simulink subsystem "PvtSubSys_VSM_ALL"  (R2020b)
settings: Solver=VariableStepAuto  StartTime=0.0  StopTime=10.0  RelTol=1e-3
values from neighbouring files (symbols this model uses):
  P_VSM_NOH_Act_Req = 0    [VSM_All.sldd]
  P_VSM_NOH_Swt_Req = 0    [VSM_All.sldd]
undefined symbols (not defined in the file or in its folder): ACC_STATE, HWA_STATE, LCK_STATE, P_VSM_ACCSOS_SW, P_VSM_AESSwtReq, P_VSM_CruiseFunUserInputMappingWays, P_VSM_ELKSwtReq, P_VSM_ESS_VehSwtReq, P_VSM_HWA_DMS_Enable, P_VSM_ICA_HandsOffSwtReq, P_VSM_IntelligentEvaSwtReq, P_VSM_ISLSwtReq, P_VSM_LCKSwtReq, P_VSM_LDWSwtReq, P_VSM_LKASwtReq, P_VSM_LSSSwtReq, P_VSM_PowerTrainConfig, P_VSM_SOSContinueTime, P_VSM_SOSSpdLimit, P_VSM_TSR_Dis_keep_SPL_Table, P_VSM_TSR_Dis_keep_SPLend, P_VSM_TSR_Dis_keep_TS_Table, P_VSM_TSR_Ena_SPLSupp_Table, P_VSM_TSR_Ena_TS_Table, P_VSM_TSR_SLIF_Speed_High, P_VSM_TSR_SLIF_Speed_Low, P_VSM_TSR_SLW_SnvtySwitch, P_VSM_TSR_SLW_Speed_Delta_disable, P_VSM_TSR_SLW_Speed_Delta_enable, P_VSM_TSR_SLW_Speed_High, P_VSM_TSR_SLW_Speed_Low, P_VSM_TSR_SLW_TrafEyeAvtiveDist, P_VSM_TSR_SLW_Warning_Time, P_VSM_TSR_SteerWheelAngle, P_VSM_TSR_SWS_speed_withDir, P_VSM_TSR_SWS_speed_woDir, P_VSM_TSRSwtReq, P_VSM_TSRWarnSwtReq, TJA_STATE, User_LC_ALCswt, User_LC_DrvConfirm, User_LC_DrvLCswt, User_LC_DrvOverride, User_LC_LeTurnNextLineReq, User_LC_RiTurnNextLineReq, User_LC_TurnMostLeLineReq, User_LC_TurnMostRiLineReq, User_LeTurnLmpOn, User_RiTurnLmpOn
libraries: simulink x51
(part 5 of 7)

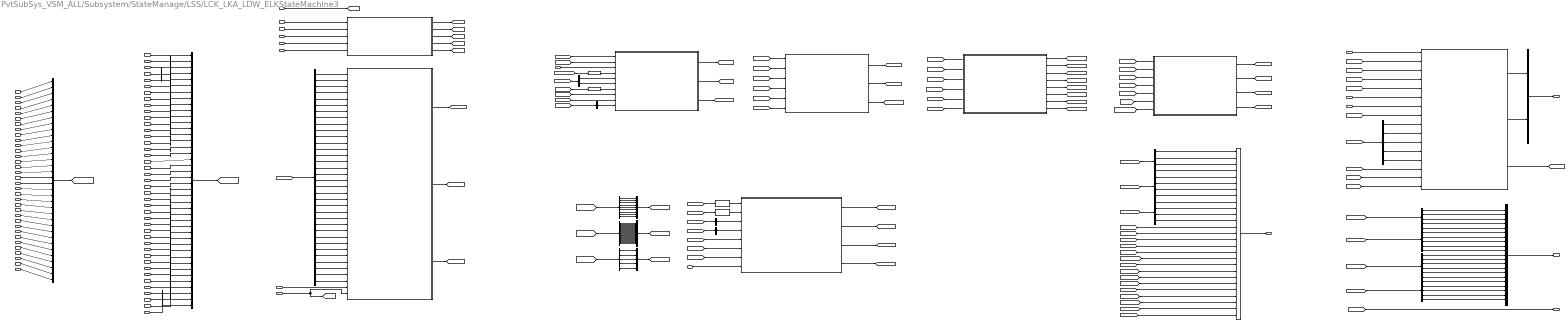
== system PvtSubSys_VSM_ALL/Subsystem/StateManage/LSS/LCK_LKA_LDW_ELKStateMachine3 ==
  VehConfig : Inport
  IFC_FailSafe : Inport  Port=2
  LCKError : Inport  Port=3
  LKAError : Inport  Port=4
  LDWError : Inport  Port=5
  ELKError : Inport  Port=6
  LCKLane_A0 : Inport  Port=7
  LCKLane_A1 : Inport  Port=8
  LCKLane_A2 : Inport  Port=9
  LCKLane_A3 : Inport  Port=10
  LCKLane_Valid : Inport  Port=11
  laneLeftA0 : Inport  Port=12
  laneLeftA1 : Inport  Port=13
  laneLeftA2 : Inport  Port=14
  laneLeftA3 : Inport  Port=15
  laneLeftValid : Inport  Port=16
  laneLeftRange : Inport  Port=17
  laneLeftType : Inport  Port=18
  laneRightA0 : Inport  Port=19
  laneRightA1 : Inport  Port=20
  laneRightA2 : Inport  Port=21
  laneRightA3 : Inport  Port=22
  laneRightValid : Inport  Port=23
  laneRightRange : Inport  Port=24
  laneRightType : Inport  Port=25
  F_LBbIsLineExist : Inport  Port=26
  F_LBdC0V : Inport  Port=27
  F_LBdC1V : Inport  Port=28
  F_LBdC2V : Inport  Port=29
  F_LBdC3V : Inport  Port=30
  RELeft_Range : Inport  Port=31
  F_RBbIsLineExist : Inport  Port=32
  F_RBdC0V : Inport  Port=33
  F_RBdC1V : Inport  Port=34
  F_RBdC2V : Inport  Port=35
  F_RBdC3V : Inport  Port=36
  RERight_Range : Inport  Port=37
  EVI_VehicleSpd_ms : Inport  Port=38
  EVI_Kap : Inport  Port=39
  EVI_alpSideSlipAngle : Inport  Port=40
  LCKIEBus : Inport  Port=41
  ELK_ObjBus : Inport  Port=42
  LIneEdgeUpdate : Inport  Port=43
  TrqK1 : Inport  Port=44
  targetExistP0 : Inport  Port=45
  HWALineValid : Inport  Port=46
  TJALineValid : Inport  Port=47
  LCKLineValid : Inport  Port=48
  HWAActive : Inport  Port=49
  TJASts : Inport  Port=50
  TJAOn : Inport  Port=51
  HWASts : Inport  Port=52
  canABSVehicleSpd : Inport  Port=53
  canABMVehDynYawRate : Inport  Port=54
  canESPVDCActive : Inport  Port=55
  canESPPTCActive : Inport  Port=56
  canESPBTCActive : Inport  Port=57
  canABSABSActive : Inport  Port=58
  HandsOffDetect : Inport  Port=59
  canSASSteerWheelAngle : Inport  Port=60
  canEPS_DriverInputTrqValue : Inport  Port=61
  canSASSteerWheelSpd : Inport  Port=62
  canABMLateralAcce : Inport  Port=63
  LongitudeAcc : Inport  Port=64
  canESP_MasterCylindBrakePress : Inport  Port=65
  canECMAccrPedlPosnDiagc : Inport  Port=66
  canEPS_LKATrqOvlDlvdSts : Inport  Port=67
  CURRENT_GEAR : Inport  Port=68
  canBCMLeftTurnSWSts : Inport  Port=69
  canBCMRightTurnSWSts : Inport  Port=70
  HandsOffWarnLevel : Inport  Port=71
  canBCMWiperSwitchSts : Inport  Port=72
  canBCMHighBeamSts : Inport  Port=73
  canBCMLowBeamSts : Inport  Port=74
  canBCMRearFogLmpSts : Inport  Port=75
  canBCMFrontFogLmpSts : Inport  Port=76
  canHUTLCKSwtReq : Inport  Port=77
  canHUTLKASwtReq : Inport  Port=78
  canHUTELKSwtReq : Inport  Port=79
  canHUTLDWSwtReq : Inport  Port=80
  IntelligentEvaSwtReq : Inport  Port=81
  IFC_SnvtySet : Inport  Port=82
  LSSSwtReq : Inport  Port=83
  ESSSts : Inport  Port=84
  PilotSts : Inport  Port=85
  BrkPedalSts : Inport  Port=86
  Bus Creator : BusCreator  Inputs=34
  Bus Creator1 : BusCreator  Inputs=27
  Bus Creator2 : BusCreator  Inputs=42
  Bus Creator3 : BusCreator  Inputs=9
  Bus Creator4 : BusCreator  Inputs=23
  Bus Creator5 : BusCreator  Inputs=5
  Bus Creator6 : BusCreator  Inputs=21
  Bus Selector : BusSelector  OutputSignals=LDW_Idle2Ready,LDW_Ready2Active,LDW_Active2Ready,LDW_Other2Idle
  Bus Selector11 : BusSelector  OutputSignals=Left_Valid,Right_Valid,Left_A0,Right_A0,C_Lanewidth
  Bus Selector12 : BusSelector  OutputSignals=LCKLane_A0,LCKLane_A1,LCKLane_A2,LCKLane_A3,LCKLane_Valid,laneLeftA0,laneLeftA1,laneLeftA2,laneLeftA3,laneLeftValid,laneLeftRange,laneLeftType,laneRightA0,laneRightA1,laneRightA2,laneRightA3,laneRightValid,laneRightRange,laneRightType,F_LBbIsLineExist,F_LBdC0V,F_LBdC1V,F_LBdC2V,F_LBdC3V,RELeft_Range,F_RBbIsLineExist,F_RBdC0V,F_RBdC1V,F_RBdC2V,F_RBdC3V,RERight_Range,EVI_VehicleSpd_ms,EVI_Kap,EVI_alpSideSlipAngle
  Bus Selector13 : BusSelector  OutputSignals=FLWhelDy,FRWhelDy
  Bus Selector14 : BusSelector  OutputSignals=Left_A0,Left_A1,Left_A2,Left_A3,Left_Valid,Right_A0,Right_A1,Right_A2,Right_A3,Right_Valid,LeftRE_A0,LeftRE_A1,LeftRE_A2,LeftRE_A3,LeftRE_Valid,RightRE_A0,RightRE_A1,RightRE_A2,RightRE_A3,RightRE_Valid,LaneCurve,LeftChange,RightChange
  Bus Selector15 : BusSelector  OutputSignals=LCK_Con_SteerAngleSpd_ LCKExit,LCK_Con_BrakePress_ LCKExit,LCK_Con_OverRide_ LCKExit,LCK_Con_AccPedalRate_LCKExit,LCK_Con_SteerWheelAngle_ LCKExit,LCK_Con_DriverInput_ LCKExit
  Bus Selector16 : BusSelector  OutputSignals=LKA_Con_SteerWheelAngle_ LKAExit,LKA_Con_DriverInput_ LKAExit,LKA_Con_SteerWheelSpd_ LKAExit,LKA_Con_BrakePressure_ LKAExit,LKA_Con_AccPedalRate_LKAExit,LKA_Con_OverRide_ LKAExit
  Bus Selector17 : BusSelector  OutputSignals=LDW_Con_AccPedalRate_LDWExit,LDW_Con_BrakePressure_ LDWExit,LDW_Con_SteerWheelSpd_ LDWExit,LDW_Con_SteerWheelAngle_ LDWExit,LDW_Con_DriverInput_ LDWExit
  Bus Selector2 : BusSelector  OutputSignals=VehConfigELK
  Bus Selector3 : BusSelector  OutputSignals=VehConfigLCKIE
  Bus Selector4 : BusSelector  OutputSignals=LKA_Idle2Ready,LKA_Ready2Active,LKA_Active2Ready,LKA_Other2Idle
  Bus Selector5 : BusSelector  OutputSignals=LCKLane_A0,LCKLane_A1,LCKLane_A2,LCKLane_A3,LCKLane_Valid
  Bus Selector6 : BusSelector  OutputSignals=IntelligentEvaSwtReq,canABSVehicleSpd,canBCMWiperSwitchSts,canBCMHighBeamSts,canBCMLowBeamSts,canBCMRearFogLmpSts,canBCMFrontFogLmpSts,canEPS_DriverInputTrqValue,HWASts
  Bus Selector7 : BusSelector  OutputSignals=EVI_VehicleSpd_ms
  Bus Selector8 : BusSelector  OutputSignals=VSM_ELK_Idle2Ready,VSM_ELK_Ready2Active,VSM_ELK_Active2Ready,VSM_ELK_Other2Idle
  Bus Selector9 : BusSelector  OutputSignals=ELK_Con_AccPedalRate_ELKExit,ELK_Con_BrakePressure_ ELKExit,ELK_Con_SteerWheelAngle_ ELKExit,ELK_Con_SteerWheelSpd_ ELKExit
  Bus Creator22 : BusCreator  Inputs=2
  Data Type Conversion : DataTypeConversion  OutDataTypeStr=boolean
  Data Type Conversion1 : DataTypeConversion  OutDataTypeStr=uint8
  Data Type Conversion2 : DataTypeConversion  OutDataTypeStr=boolean
  Data Type Conversion3 : DataTypeConversion  OutDataTypeStr=uint8
  ELKState_Machine : Subsystem
  Error : Subsystem
  HandsOffWarnLevel1 : InportShadow  Port=71
  LCK : Subsystem
  LCKIE : Subsystem  ReferencedSubsystem=PvtSubSys_VSM_LCKIE
  LDW : Subsystem
  LKA : Subsystem
  LSSHMI : Subsystem
  Signal_calculate : Subsystem  ReferencedSubsystem=PvtSubSys_VSM_SCM
  TJASts1 : InportShadow  Port=50
  canHUTLCKSwtReq1 : InportShadow  Port=77
  LCS_OutPut : Outport
  IFC_Signal : Outport  Port=2
  LSS_DATA : Outport  Port=3
  LaneARe_SP : Outport  Port=4
  wires:
  BrkPedalSts/1 -> Bus Creator2/42
  Bus Selector14/23 -> Bus Creator4/23  "<RightChange>"
  Bus Selector14/22 -> Bus Creator4/22  "<LeftChange>"
  [LANE] -> LCK/7(Lane)
  [PiloSts] -> LCK/6(PiloSts)
  PilotSts/1 -> Signal_calculate/36, [PiloSts]
  [TJA_LCKState] -> Bus Creator1/27  "TJA_LCKState"
  LCK/4(TJA_LCKState) -> [TJA_LCKState]
  [LaneARe_SP] -> LaneARe_SP/1
  Data Type Conversion3/1 -> ELKState_Machine/4(LKAState)
  Bus Creator6/1 -> LSS_DATA/1
  Bus Selector17/5 -> Bus Creator6/21  "<LDW_Con_DriverInput_ LDWExit>"
  Bus Selector17/4 -> Bus Creator6/20  "<LDW_Con_SteerWheelAngle_ LDWExit>"
  Bus Selector17/3 -> Bus Creator6/19  "<LDW_Con_SteerWheelSpd_ LDWExit>"
  Bus Selector17/2 -> Bus Creator6/18  "<LDW_Con_BrakePressure_ LDWExit>"
  Bus Selector17/1 -> Bus Creator6/17  "<LDW_Con_AccPedalRate_LDWExit>"
  Bus Selector16/6 -> Bus Creator6/16  "<LKA_Con_OverRide_ LKAExit>"
  Bus Selector15/1 -> Bus Creator6/5  "<LCK_Con_SteerAngleSpd_ LCKExit>"
  Bus Selector16/5 -> Bus Creator6/15  "<LKA_Con_AccPedalRate_LKAExit>"
  Bus Selector15/2 -> Bus Creator6/6  "<LCK_Con_BrakePress_ LCKExit>"
  Bus Selector16/4 -> Bus Creator6/14  "<LKA_Con_BrakePressure_ LKAExit>"
  Bus Selector15/3 -> Bus Creator6/7  "<LCK_Con_OverRide_ LCKExit>"
  Bus Selector9/4 -> Bus Creator6/4  "<ELK_Con_SteerWheelSpd_ ELKExit>"
  Bus Selector16/3 -> Bus Creator6/13  "<LKA_Con_SteerWheelSpd_ LKAExit>"
  Bus Selector16/1 -> Bus Creator6/11  "<LKA_Con_SteerWheelAngle_ LKAExit>"
  Bus Selector15/6 -> Bus Creator6/10  "<LCK_Con_DriverInput_ LCKExit>"
  Bus Selector15/4 -> Bus Creator6/8  "<LCK_Con_AccPedalRate_LCKExit>"
  Bus Selector9/3 -> Bus Creator6/3  "<ELK_Con_SteerWheelAngle_ ELKExit>"
  Bus Selector9/1 -> Bus Creator6/1  "<ELK_Con_AccPedalRate_ELKExit>"
  Bus Selector16/2 -> Bus Creator6/12  "<LKA_Con_DriverInput_ LKAExit>"
  Bus Selector15/5 -> Bus Creator6/9  "<LCK_Con_SteerWheelAngle_ LCKExit>"
  Bus Selector9/2 -> Bus Creator6/2  "<ELK_Con_BrakePressure_ ELKExit>"
  [LDW_Data] -> Bus Selector17/1
  [LKA_Data] -> Bus Selector16/1
  [LCK_Data] -> Bus Selector15/1
  [ELKCondition] -> Bus Selector9/1
  LSSHMI/3(Warn) -> [LKAWarning]
  LSSHMI/2(LaneAvaliability) -> Bus Creator22/2
  LSSHMI/1(Signal_HandsOffWarn) -> Bus Creator22/1
  TJASts1/1 -> LSSHMI/7(TJASts)  "TJASts"
  HandsOffWarnLevel1/1 -> LSSHMI/6(HandsOffWarnLevel)  "HandsOffWarnLevel"
  [LCK_State] -> LSSHMI/8(In8)
  [LKA_State] -> LSSHMI/5(In5)
  [ELK_State] -> LSSHMI/4(In4)
  [ELKWarn] -> LSSHMI/16(ELK_Warn)
  [LKA_Warn] -> LSSHMI/15(In15)
  [LCK_Warn] -> LSSHMI/14(LCK_Warn)
  Bus Selector11/5 -> LSSHMI/13(LaneWidth)  "<C_Lanewidth>"
  Bus Selector11/4 -> LSSHMI/12(RightA0)  "<Right_A0>"
  Bus Selector11/3 -> LSSHMI/11(LeftA0)  "<Left_A0>"
  Bus Selector11/1 -> LSSHMI/9(LeftValid)  "<Left_Valid>"
  Bus Selector11/2 -> LSSHMI/10(RightValid)  "<Right_Valid>"
  [LDW_State] -> LSSHMI/3(In3)
  [LCK_State] -> LSSHMI/2(In2)
  canHUTLCKSwtReq1/1 -> LSSHMI/1(canHUTLCKSwtReq)  "canHUTLCKSwtReq"
  [VSM_LCKIE_out] -> Bus Creator1/26
  [VSM_LCKIE_IN] -> Bus Creator1/25
  LCKIE/4 -> [VSM_LCKIE_out]
  LCKIE/3 -> [VSM_LCKIE_IN]
  Bus Selector13/2 -> ELKState_Machine/6(FRWhelDy)  "<FRWhelDy>"
  Bus Selector13/1 -> ELKState_Machine/5(FLWhelDy)  "<FLWhelDy>"
  [LKA_LDW_Signal] -> Bus Selector13/1
  [ADmix] -> LDW/5(ADmix)
  [VehConfig] -> LKA/4(VehConfig)
  [LaneARe_SP] -> LDW/4(LaneARe_SP)
  [VehConfig] -> LDW/1(VehConfig)
  LCK/2(LCK_Warn) -> [LCK_Warn]
  [LDW_Error] -> LDW/2(LDW_Error)
  LKA/2(LKA_State) -> [LKA_State]
  [LKA_LDW_Signal] -> LDW/3(LKA_LDW_Signal)
  LKA/8(LKACondition) -> [LKACondition]
  [LKA_LDW_Signal] -> LKA/2(LKA_LDW_Signal)
  LDW/1(LDW_State) -> [LDW_State]
  LDW/2(LDWData) -> [LDW_Data]
  [LaneARe_SP] -> LKA/1(LaneARe_SP)
  [FailSafe] -> LKA/6(FailSafe)
  LKA/3(LKADesLaneDyoffset_m) -> [LKADesLaneDyoffset_m]
  [ADmix] -> LKA/5(ADmix)
  LCK/3(LCK_State) -> [LCK_State]
  LKA/7(LKA_InterventionEnd) -> [LKA_InterventionEnd]
  LKA/1(LKAData) -> [LKA_Data]
  LKA/5(LKA_LKAactive) -> [LKA_LKAactive]
  LKA/6(LKA_LKAout) -> [LKA_LKAout]
  [LKA_LDW_Signal] -> LCK/3(LKA_LDW_Signal)
  [LaneARe_SP] -> LCK/5(LaneARe_SP)
  [ADmix] -> LCK/4(ADmix)
  [FailSafe] -> LDW/6(FailSafe)
  [LKA_Error] -> LKA/3(LKA_Error)
  LKA/4(LKA_Warn) -> [LKA_Warn]
  [LCK_Error] -> LCK/1(LCK_Error)
  LDW/3(LDWCondition) -> [LDWCondition]
  [VehConfig] -> LCK/2(VehConfig)
  LCK/1(LCKData) -> [LCK_Data]
  Data Type Conversion2/1 -> LCKIE/2
  LCKIE/2 -> [LCKIE_Laneoffset]
  LCKIE/1 -> [LCKIE_State]
  [LCKIE_CenterLane] -> LCKIE/7
  [LCKIE_LANE] -> LCKIE/6
  [LCKIE_ADCAN] -> LCKIE/5
  Bus Selector7/1 -> LCKIE/4  "<EVI_VehicleSpd_ms>"
  Bus Selector3/1 -> LCKIE/3  "<VehConfigLCKIE>"
  [FailSafe] -> Data Type Conversion2/1
  Data Type Conversion1/1 -> LCKIE/1
  [LANE] -> Bus Selector7/1
  [VehConfig] -> Bus Selector3/1
  [LCK_State] -> Data Type Conversion1/1
  Bus Selector6/2 -> Bus Creator3/2  "<canABSVehicleSpd>"
  Bus Selector6/8 -> Bus Creator3/8  "<canEPS_DriverInputTrqValue>"
  Bus Selector14/4 -> Bus Creator4/4  "<Left_A3>"
  Bus Selector6/6 -> Bus Creator3/6  "<canBCMRearFogLmpSts>"
  Bus Selector6/3 -> Bus Creator3/3  "<canBCMWiperSwitchSts>"
  Bus Selector5/3 -> Bus Creator5/3  "<LCKLane_A2>"
  Bus Creator4/1 -> [LCKIE_LANE]
  Bus Selector14/5 -> Bus Creator4/5  "<Left_Valid>"
  [ADmix] -> Bus Selector6/1
  Bus Selector6/9 -> Bus Creator3/9  "<HWASts>"
  Bus Selector14/6 -> Bus Creator4/6  "<Right_A0>"
  Bus Selector6/5 -> Bus Creator3/5  "<canBCMLowBeamSts>"
  Bus Selector6/7 -> Bus Creator3/7  "<canBCMFrontFogLmpSts>"
  Bus Selector14/3 -> Bus Creator4/3  "<Left_A2>"
  Bus Selector14/12 -> Bus Creator4/12  "<LeftRE_A1>"
  Bus Selector14/9 -> Bus Creator4/9  "<Right_A3>"
  Bus Selector14/8 -> Bus Creator4/8  "<Right_A2>"
  Bus Selector14/15 -> Bus Creator4/15  "<LeftRE_Valid>"
  Bus Selector14/19 -> Bus Creator4/19  "<RightRE_A3>"
  Bus Selector14/16 -> Bus Creator4/16  "<RightRE_A0>"
  Bus Selector14/7 -> Bus Creator4/7  "<Right_A1>"
  Bus Selector14/11 -> Bus Creator4/11  "<LeftRE_A0>"
  Bus Selector14/1 -> Bus Creator4/1  "<Left_A0>"
  Bus Selector14/21 -> Bus Creator4/21  "<LaneCurve>"
  Bus Selector14/14 -> Bus Creator4/14  "<LeftRE_A3>"
  Bus Creator5/1 -> [LCKIE_CenterLane]
  Bus Selector14/18 -> Bus Creator4/18  "<RightRE_A2>"
  Bus Selector5/1 -> Bus Creator5/1  "<LCKLane_A0>"
  Bus Selector5/4 -> Bus Creator5/4  "<LCKLane_A3>"
  Bus Selector14/13 -> Bus Creator4/13  "<LeftRE_A2>"
  Bus Selector5/2 -> Bus Creator5/2  "<LCKLane_A1>"
  Bus Selector14/17 -> Bus Creator4/17  "<RightRE_A1>"
  [LANE] -> Bus Selector5/1
  Bus Creator3/1 -> [LCKIE_ADCAN]
  Bus Selector14/2 -> Bus Creator4/2  "<Left_A1>"
  Bus Selector14/10 -> Bus Creator4/10  "<Right_Valid>"
  Bus Selector14/20 -> Bus Creator4/20  "<RightRE_Valid>"
  Bus Selector6/4 -> Bus Creator3/4  "<canBCMHighBeamSts>"
  Bus Selector5/5 -> Bus Creator5/5  "<LCKLane_Valid>"
  Bus Selector6/1 -> Bus Creator3/1  "<IntelligentEvaSwtReq>"
  [LaneARe_SP] -> Bus Selector14/1
  Data Type Conversion/1 -> ELKState_Machine/7(IFC_Failsafe)
  [LKA_State] -> Data Type Conversion3/1
  Bus Creator22/1 -> IFC_Signal/1
  VehConfig/1 -> [VehConfig]
  Signal_calculate/2 -> [LaneARe_SP]  "LaneARe_SP"
  IFC_FailSafe/1 -> Error/1(IFC_FailSafe)
  LCKError/1 -> Error/2(LCKError)
  ELKError/1 -> Error/5(ELKError)
  LDWError/1 -> Error/4(LDWError)
  LKAError/1 -> Error/3(LKAError)
  Error/1(FailSafe) -> [FailSafe]
  Error/2(LCK_Error) -> [LCK_Error]
  Error/3(LKA_Error) -> [LKA_Error]
  Error/4(LDW_Error) -> [LDW_Error]
  Error/5(ELK_Error) -> [ELK_Error]
  Signal_calculate/3 -> [LKA_LDW_Signal]
  Signal_calculate/1 -> [Lane_Re]
  [LDWCondition] -> Bus Selector/1
  [LKACondition] -> Bus Selector4/1
  [ELKCondition] -> Bus Selector8/1
  Bus Selector/1 -> Bus Creator1/1  "<LDW_Idle2Ready>"
  Bus Selector/2 -> Bus Creator1/2  "<LDW_Ready2Active>"
  Bus Selector/3 -> Bus Creator1/3  "<LDW_Active2Ready>"
  Bus Selector/4 -> Bus Creator1/4  "<LDW_Other2Idle>"
  Bus Selector4/1 -> Bus Creator1/5  "<LKA_Idle2Ready>"
  Bus Selector4/2 -> Bus Creator1/6  "<LKA_Ready2Active>"
  Bus Selector4/3 -> Bus Creator1/7  "<LKA_Active2Ready>"
  Bus Selector4/4 -> Bus Creator1/8  "<LKA_Other2Idle>"
  Bus Creator1/1 -> LCS_OutPut/1
  [LCK_State] -> Bus Creator1/13  "LCK_State"
  [LKA_State] -> Bus Creator1/14  "LKA_State"
  [LDW_State] -> Bus Creator1/15  "LDW_State"
  [LCKIE_State] -> Bus Creator1/16  "LCKIE_State"
  [ELK_State] -> Bus Creator1/17  "ELK_State"
  [LKA_LKAactive] -> Bus Creator1/21  "LKA_LKAactive"
  [LKA_LKAout] -> Bus Creator1/22  "LKA_LKAout"
  [LKADesLaneDyoffset_m] -> Bus Creator1/18  "LKADesLaneDyoffset_m"
  [LKA_InterventionEnd] -> Bus Creator1/20  "LKA_InterventionEnd"
  [LDW_warnflag] -> Bus Creator1/24  "LDW_warnflag"
  [LKAWarning] -> Bus Creator1/19  "LKAWarning"
  [LCKIE_Laneoffset] -> Bus Creator1/23  "LCKIE_Laneoffset"
  [LaneARe_SP] -> Bus Selector11/1
  IFC_SnvtySet/1 -> Bus Creator2/41  "IFC_SnvtySet"
  LCKLane_A0/1 -> Bus Creator/1  "LCKLane_A0"
  LCKLane_A1/1 -> Bus Creator/2  "LCKLane_A1"
  LCKLane_A2/1 -> Bus Creator/3  "LCKLane_A2"
  LCKLane_A3/1 -> Bus Creator/4  "LCKLane_A3"
  LCKLane_Valid/1 -> Bus Creator/5  "LCKLane_Valid"
  laneLeftA0/1 -> Bus Creator/6  "laneLeftA0"
  laneLeftA1/1 -> Bus Creator/7  "laneLeftA1"
  laneLeftA2/1 -> Bus Creator/8  "laneLeftA2"
  laneLeftA3/1 -> Bus Creator/9  "laneLeftA3"
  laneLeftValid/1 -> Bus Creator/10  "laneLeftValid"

◆ ◆ ◆

**What needs to be done**
Find the line with "Bus Selector4/4 ->" in the entries above. Retype it and each line after it, exactly, through the line with "[LCKIE_State] -> Bus", and stop there.

**Reply to the exercise**
  Bus Selector4/4 -> Bus Creator1/8  "<LKA_Other2Idle>"
  Bus Creator1/1 -> LCS_OutPut/1
  [LCK_State] -> Bus Creator1/13  "LCK_State"
  [LKA_State] -> Bus Creator1/14  "LKA_State"
  [LDW_State] -> Bus Creator1/15  "LDW_State"
  [LCKIE_State] -> Bus Creator1/16  "LCKIE_State"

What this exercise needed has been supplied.